Perang nuklir antar dua negara mungkin sulit terjadi pasca runtuhnya Uni Sovyet pada 1991. Tapi posisi sebagai satu-satunya negara adikuasa tampaknya tidak membuat Amerika Serikat puas. Kita tahu bahwa dengan dalih palsu yang dibuat-buat A.S. telah berhasil menginvasi Irak pada 2003. Ini menyusul invasi ke Afghanistan segera setelah tragedi pengeboman Menara WTC pada 11 September 2001. Kini A.S. pun menebar ancaman serupa kepada Iran dan Korea Utara. Seraya bersiap-siap menghadapi China dan Rusia di sisi lain. Dengan demikian, sangat mungkin terjadi peledakan nuklir mengingat saat ini masih ada lebih dari 20.000 hulu ledak nuklir yang aktif dimiliki oleh 9 negara.

Maka, awal kehancuran dunia oleh ledakan nuklir seperti digambarkan film ini sangat mungkin terjadi. Dan kehancuran yang diakibatkannya sangat massif dan luar biasa. Tidak seperti ancaman bio-hazard dalam seri Resident Evil (2002,2004,2007,2008) atau I Am Legend (2007) yang parsial, dimana tidak semua makhluk terkena dampaknya, ledakan nuklir dalam The Road ini menghancurkan segalanya. Tidak hanya manusia dan peradabannya, tapi juga hewan, tumbuhan dan elemen alam lainnya. Tak ada yang mampu bertahan selamat dengan sempurna dari radiasi nuklir. Manusia yang selamat harus berjuang mempertahankan hidup di tengah tiadanya lagi peradaban manusia. Tak ada pula mesin yang mampu bertahan, tidak seperti digambarkan dalam trilogi The Matrix (1999, 2003) dimana mesin digambarkan tak terpengaruh oleh radiasi nuklir.

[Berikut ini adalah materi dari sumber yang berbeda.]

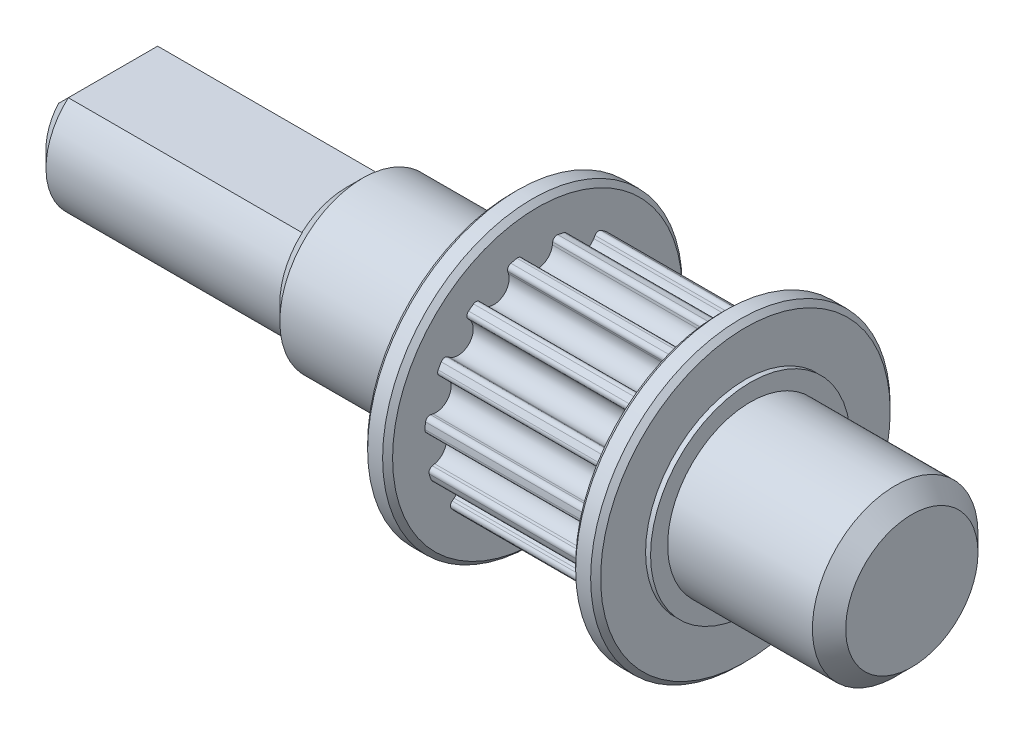
SolidWorks part; units mm, degrees
ref_plane "前视基准面" through (0, 0, 0) normal (0, 0, 1) x (1, 0, 0)
ref_plane "上视基准面" through (0, 0, 0) normal (0, 1, 0) x (1, 0, 0)
ref_plane "右视基准面" through (0, 0, 0) normal (1, 0, 0) x (0, 0, -1)
sketch "草图1" plane through (0, 0, 0) normal (0, 0, 1) x (1, 0, 0)
  line L0 (0, 0) -> (64.8368, 0) construction
  line L1 (0, 1.3558) -> (0, 6.779)
  line L2 (0, 6.779) -> (11, 6.779)
  line L3 (11, 6.779) -> (11, 2.7116)
  line L4 (11, 2.7116) -> (20, 2.7116)
  line L5 (20, 2.7116) -> (20, 1.3558)
  line L6 (20, 1.3558) -> (0, 1.3558)
  dimension "L" = 20
  dimension "B" = 11
  dimension "d" = 2.7116
  dimension "d1" = 5.4232
  dimension "da" = 13.558
revolve "旋转1" add sketch "草图1" angle 360 about L0
chamfer "倒角1" distance 1 angle 45 2 edges at (20, 0, 1.3558) (0, 0, 1.3558)
sketch "草图4" plane through (0, 0, 0) normal (-1, 0, 0) x (0, 0, 1)
  line L1 (-1, 0.9155) -> (1, 0.9155)
  line L2 (-1, 0.9155) -> (-1, 2.3558)
  line L3 (-1, 2.3558) -> (1, 2.3558)
  line L4 (1, 0.9155) -> (1, 2.3558)
  circle A0 centre (0, 0) radius 1.3558 construction
  point P6 (0, 2.3558)
  dimension "键槽高度" = 2.3558
  dimension "键槽宽度" = 2
  dimension "t1" = 1
extrude "切除-拉伸1" cut sketch "草图4" against normal through all
sketch "草图6" plane through (0, 0, 0) normal (1, 0, 0) x (0, 0, -1)
  line L0 (0, 0) -> (0, 30.6512) construction
  line L1 (0.921, 6.4432) -> (0.9032, 6.2981)
  line L2 (1.4809, 6.6153) -> (1.6775, 8.2168)
  line L3 (-1.4809, 6.6153) -> (-1.6775, 8.2168)
  line L4 (-0.921, 6.4432) -> (-0.9032, 6.2981)
  circle A0 centre (0, 0) radius 6.779 construction
  circle A1 centre (0, 0) radius 5.499 construction
  arc A2 (-0.9032, 6.2981) -> (0.9032, 6.2981) centre (0, 6.409) ccw
  arc A3 (1.6775, 8.2168) -> (-1.6775, 8.2168) centre (0, 0) ccw
  arc A4 (0.921, 6.4432) -> (1.2261, 6.6672) centre (1.1791, 6.4115) cw
  arc A5 (1.2261, 6.6672) -> (1.4809, 6.6153) centre (0, 0) cw
  arc A6 (-1.2261, 6.6672) -> (-1.4809, 6.6153) centre (0, 0) ccw
  arc A7 (-0.921, 6.4432) -> (-1.2261, 6.6672) centre (-1.1791, 6.4115) ccw
  point P7 (0, 1.9)
  point P8 (0, 29.3712)
  point P15 (0.954, 6.7115)
  dimension "D1" = 10.998
  dimension "ra" = 0.26
  dimension "rf" = 0.91
  dimension "hg" = 1.28
  dimension "D3" = 0.26
  dimension "D4" = 1.6136
  dimension "angle" = 14
  dimension "bw" = 1.9
extrude "切除-拉伸2" cut sketch "草图6" along normal up to next
ref_axis "基准轴1" through (-28.95, 0, 0) along (1, 0, 0)
pattern_circular "阵列(圆周)3" count 15 over 360 about axis through (-28.95, 0, 0) along (1, 0, 0) of "切除-拉伸2"
sketch "草图7" plane through (0, 0, 0) normal (-1, 0, 0) x (0, 0, 1)
  circle A0 centre (0, 0) radius 3
  dimension "D1" = 6
extrude "切除-拉伸3" cut sketch "草图7" against normal through all
sketch "草图9" plane through (0, 0, 0) normal (-1, 0, 0) x (0, 0, 1)
  circle A0 centre (0, 0) radius 9
  circle A1 centre (0, 0) radius 3 construction
  circle A2 centre (0, 0) radius 3
  dimension "D1" = 18
extrude "凸台-拉伸1" add sketch "草图9" along normal blind 1.5
sketch "草图10" plane through (11, 0, 0) normal (1, 0, 0) x (0, 0, -1)
  circle A0 centre (0, 0) radius 9
  circle A1 centre (0, 0) radius 9 construction
  circle A2 centre (0, 0) radius 3 construction
  circle A3 centre (0, 0) radius 3
extrude "凸台-拉伸2" add sketch "草图10" along normal blind 1.5
chamfer "倒角2" distance 0.3 angle 45 4 edges at (12.5, 0, -9) (11, 0, -9) (0, 0, 9) (-1.5, 0, 9)
sketch "草图15" plane through (-1.5, 0, 0) normal (-1, 0, 0) x (0, 0, 1)
  circle A0 centre (0, 0) radius 3
extrude "凸台-拉伸3" add sketch "草图15" against normal up to surface (14 mm away) up to face at (12.5, 0, -8.7)
sketch "草图16" plane through (-1.5, 0, 0) normal (-1, 0, 0) x (0, 0, 1)
  circle A0 centre (0, 0) radius 4.975
  dimension "D1" = 9.95
extrude "凸台-拉伸4" add sketch "草图16" along normal blind 10
sketch "草图17" plane through (-1.5, 0, 0) normal (-1, 0, 0) x (0, 0, 1)
  circle A0 centre (0, 0) radius 6
  dimension "D1" = 12
extrude "凸台-拉伸5" add sketch "草图17" along normal blind 0.3
ref_plane "基准面1" through (5.5, 0, 0) normal (1, 0, 0) x (0, 0, -1)
mirror "镜向2" about plane through (5.5, 0, 0) normal (1, 0, 0) of "凸台-拉伸5", "凸台-拉伸4"
sketch "草图18" plane through (-11.5, 0, 0) normal (-1, 0, 0) x (0, 0, 1)
  line L0 (-2.6834, 3) -> (2.6834, 3)
  arc A0 (-2.6834, 3) -> (2.6834, 3) centre (0, 0) ccw
  dimension "D1" = 8.05
  dimension "D2" = 3
extrude "凸台-拉伸6" add sketch "草图18" along normal blind 15
chamfer "倒角3" distance 1 angle 45 4 edges at (-26.5, 3, 0) (-26.5, -4.025, 0) (22.5, 0, 4.975) (-11.5, 0, 4.975)
equation "\"键槽高度@草图4\" = \"d@草图1\" / 2  + \"t1@草图4\""
equation "\"D1@草图6\" = \"da@草图1\"  - \"hg@草图6\" - \"hg@草图6\""
equation "\"D3@草图6\" = \"ra@草图6\""

Faktor kengerian kedua dalam film ini justru pada karakterisasi tokoh protagonisnya. Jalan cerita film nengikuti perjalanan perjuangan hidup bapak dan anak pasca ibunya memilih pergi dari rumah di tengah malam, yang sama artinya dengan bunuh diri. Anak itu sendiri lahir pasca ledakan nuklir, dimana sang ibu semula menolak untuk mempertahankan bayinya di tengah kondisi yang amat sulit. Bapak dan anak ini adalah manusia biasa, tak mampu berkelahi sehebat karakter marinir bernama Eli dalam The Book of Eli, apalagi punya rumah dengan sarana lengkap beserta makanan, generator listrik dan senjata seperti Letnan Kolonel Robert Neville dalam I Am Legend. Mereka berjalan menggelandang melewati rumah-rumah dan kota yang hancur, jembatan yang putus, mobil yang teronggok di jalan-jalan, semata demi mencari apa yang masih bisa dimakan. Kanibalisme merajalela, dan inilah musuh mereka.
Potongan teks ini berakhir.